Makani tucked away her phone, opened the door, and peered down. The ground was a thick marsh of wind-stiffened mud. She tested it with a sneaker toe. It seemed solid enough, so she climbed out—and tromped straight into it, three inches deep. “Shit!” But she laughed again. “I thought you said you were taking me to the beach.”
“The ocean,” he corrected.
The temperature had dropped. The brisk air smelled like decaying leaves, distant woodsmoke, and chilled terrain, a reminder that Halloween was around the bend. Makani pulled up the hood of her floral-printed hoodie and zipped it up. She should have worn a coat, but she still sucked at this cold weather thing. Most people here didn’t even consider it cold yet. Just nippy.
She plodded forward to join Ollie. He was leaning against the front of the car, its engine ticking lightly as it cooled.
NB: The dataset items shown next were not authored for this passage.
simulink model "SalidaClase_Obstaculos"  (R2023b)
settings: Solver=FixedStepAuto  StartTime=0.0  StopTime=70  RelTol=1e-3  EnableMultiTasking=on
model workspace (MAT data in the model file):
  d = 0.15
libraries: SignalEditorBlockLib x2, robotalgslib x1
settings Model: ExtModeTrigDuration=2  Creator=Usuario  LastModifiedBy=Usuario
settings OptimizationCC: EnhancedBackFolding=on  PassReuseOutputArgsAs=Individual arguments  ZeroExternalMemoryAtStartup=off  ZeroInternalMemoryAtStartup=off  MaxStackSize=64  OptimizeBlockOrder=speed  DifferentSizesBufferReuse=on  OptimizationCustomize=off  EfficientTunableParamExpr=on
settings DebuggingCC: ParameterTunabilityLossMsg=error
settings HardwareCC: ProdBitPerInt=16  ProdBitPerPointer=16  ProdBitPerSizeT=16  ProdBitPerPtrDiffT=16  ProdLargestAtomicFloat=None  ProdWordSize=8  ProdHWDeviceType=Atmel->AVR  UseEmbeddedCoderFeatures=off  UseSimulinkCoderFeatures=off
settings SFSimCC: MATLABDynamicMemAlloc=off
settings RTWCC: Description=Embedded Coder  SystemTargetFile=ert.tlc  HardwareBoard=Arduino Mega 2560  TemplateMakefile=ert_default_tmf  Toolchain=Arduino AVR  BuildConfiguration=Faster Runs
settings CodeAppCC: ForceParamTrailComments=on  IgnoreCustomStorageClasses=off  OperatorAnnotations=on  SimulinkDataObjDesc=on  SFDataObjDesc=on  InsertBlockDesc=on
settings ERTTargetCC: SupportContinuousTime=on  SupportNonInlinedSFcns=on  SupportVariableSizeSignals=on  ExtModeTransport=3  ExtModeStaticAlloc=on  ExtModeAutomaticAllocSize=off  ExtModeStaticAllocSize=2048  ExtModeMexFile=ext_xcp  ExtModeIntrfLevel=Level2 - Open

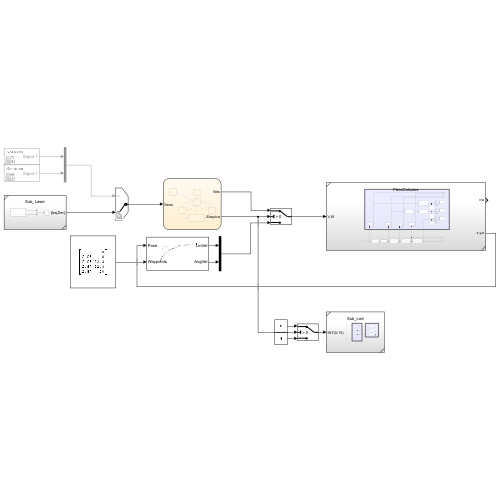
[thumbnail: Simulink's stored preview of the top-level diagram]
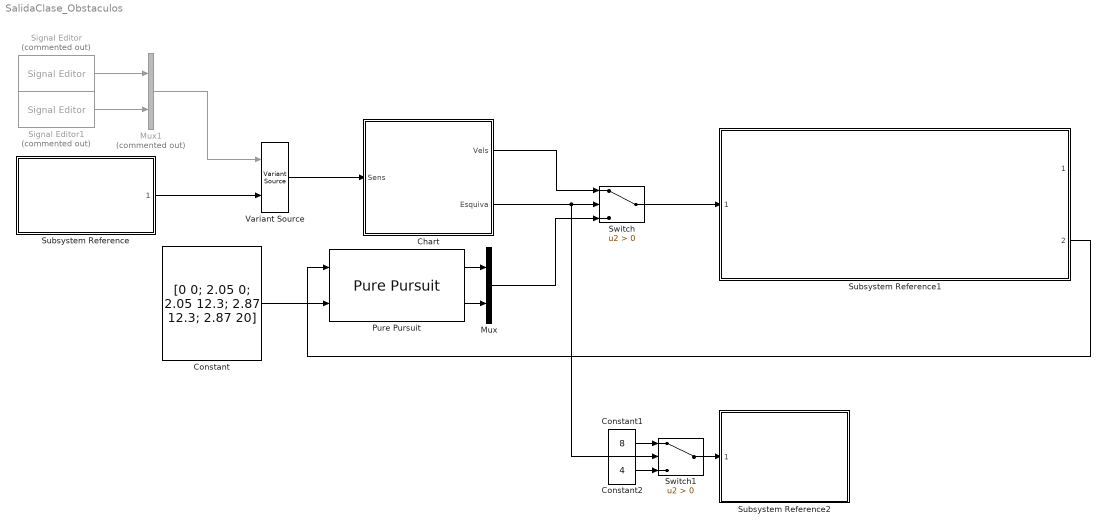
== system SalidaClase_Obstaculos ==
  Chart : Stateflow chart  TreatAsAtomicUnit=on
  Constant : Constant  Value=[0 0; 2.05 0; 2.05 12.3; 2.87 12.3; 2.87 20]
  Constant1 : Constant  Value=8
  Constant2 : Constant  Value=4
  Mux : Mux  Inputs=2
  Mux1 : Mux  Commented=on  Inputs=2
  Pure Pursuit : robotalgslib/Pure Pursuit  DesiredLinearVelocity=0.3  MaxAngularVelocity=pi/4  LookaheadDistance=0.5  TargetDirPort=off  SimulateUsing=Code generation
      settings: LibrarySourceBlock=robotmobilelib/Pure Pursuit
  Signal Editor : SignalEditorBlockLib/Signal Editor  Commented=on  FileName=Control10_SensorIzq.mat  ActiveScenario=Scenario  ActiveSignal=Signal 1  IsBus=off  OutputBusObjectStr=Bus: BusObject  SampleTime=0  Interpolate=off  ZeroCross=off  OutputAfterFinalValue=Setting to zero  Unit=inherit  PreserveSignalName=on  ApplySigPropsToAllScenarios=on  ApplySigPropsToAllSignals=off
  Signal Editor1 : SignalEditorBlockLib/Signal Editor  Commented=on  FileName=Control10_SensorDer.mat  ActiveScenario=Scenario  ActiveSignal=Signal 1  IsBus=off  OutputBusObjectStr=Bus: BusObject  SampleTime=0  Interpolate=off  ZeroCross=off  OutputAfterFinalValue=Setting to zero  Unit=inherit  PreserveSignalName=on  ApplySigPropsToAllScenarios=on  ApplySigPropsToAllSignals=off
  Subsystem Reference : Subsystem  ReferencedSubsystem=Sub_Laser
  Subsystem Reference1 : Subsystem  ReferencedSubsystem=PieroCalculos
  Subsystem Reference2 : Subsystem  ReferencedSubsystem=Sub_Led
  Switch : Switch  Criteria=u2 > Threshold  SaturateOnIntegerOverflow=off  InputSameDT=off
  Switch1 : Switch  Criteria=u2 > Threshold  SaturateOnIntegerOverflow=off  InputSameDT=off
  Variant Source : VariantSource  VariantControlMode=sim codegen switching
  wires:
  Switch/1 -> Subsystem Reference1/1
  Constant/1 -> Pure Pursuit/2
  Subsystem Reference1/2 -> Pure Pursuit/1
  Chart/1(Vels) -> Switch/1
  Pure Pursuit/2 -> Mux/2
  Pure Pursuit/1 -> Mux/1
  Mux/1 -> Switch/3
  Switch1/1 -> Subsystem Reference2/1
  Constant2/1 -> Switch1/3
  Constant1/1 -> Switch1/1
  Chart/2(Esquiva) -> Switch1/2, Switch/2
  Variant Source/1 -> Chart/1(Sens)
  Subsystem Reference/1 -> Variant Source/2
  Signal Editor1/1 -> Mux1/2
  Signal Editor/1 -> Mux1/1
  Mux1/1 -> Variant Source/1

== stateflow chart SalidaClase_Obstaculos/Chart ==
  settings: updateMethod=DISCRETE  sampleTime=0.01
  state Fin
    entry:
    Esquiva=1;
    Vels(1)=0;
    Vels(2)=0;
  state Inicio
    entry:
    Esquiva=0;
    Vels(1)=0;
    Vels(2)=0;
  state SinObstaculos
    entry:
    Esquiva=0;
    Vels(1)=0;
    Vels(2)=0;
  state Obst_Izq
    entry:
    Esquiva=1;
    Vels(1)=0.1;
    Vels(2)=-pi/3;
  state Obst_Der
    entry:
    Esquiva=1;
    Vels(1)=0.1;
    Vels(2)=+pi/3;
  state Obst_Enfrente
    entry:
    Esquiva=1;
    Vels(1)=0;
    Vels(2)=+pi/4*sign(Sens(1)-Sens(2));
  (default) -> Inicio
  SinObstaculos -> Fin [order 3] : after(70,sec)
  Inicio -> SinObstaculos : [after(1,sec)]
  SinObstaculos -> Obst_Izq [order 1] : [Sens(1)<350]
  SinObstaculos -> Obst_Der [order 2] : [Sens(2)<350]
  Obst_Izq -> SinObstaculos [order 1] : [Sens(1)>450]
  Obst_Enfrente -> SinObstaculos : after(2,sec)
  Obst_Der -> SinObstaculos [order 1] : [Sens(2)>450]
  Obst_Izq -> Obst_Enfrente [order 2] : [Sens(2)<400]
  Obst_Der -> Obst_Enfrente [order 2] : [Sens(1)<400]
  data: Vels output double size=2; Sens input size=2; Esquiva output double size=1

But the metal was still warm, almost hot, and it felt good against her jeans. The leggy corn encircled them, two feet overhead. She turned pointedly to Ollie. He was staring straight ahead into the vast golden nothingness.
“It’s not the Pacific,” he said, “but it’s the best I can do.”
Ollie must have registered her confusion in his peripheral vision, because he met her gaze with another smile. “The fields. I know you miss Hawaii.”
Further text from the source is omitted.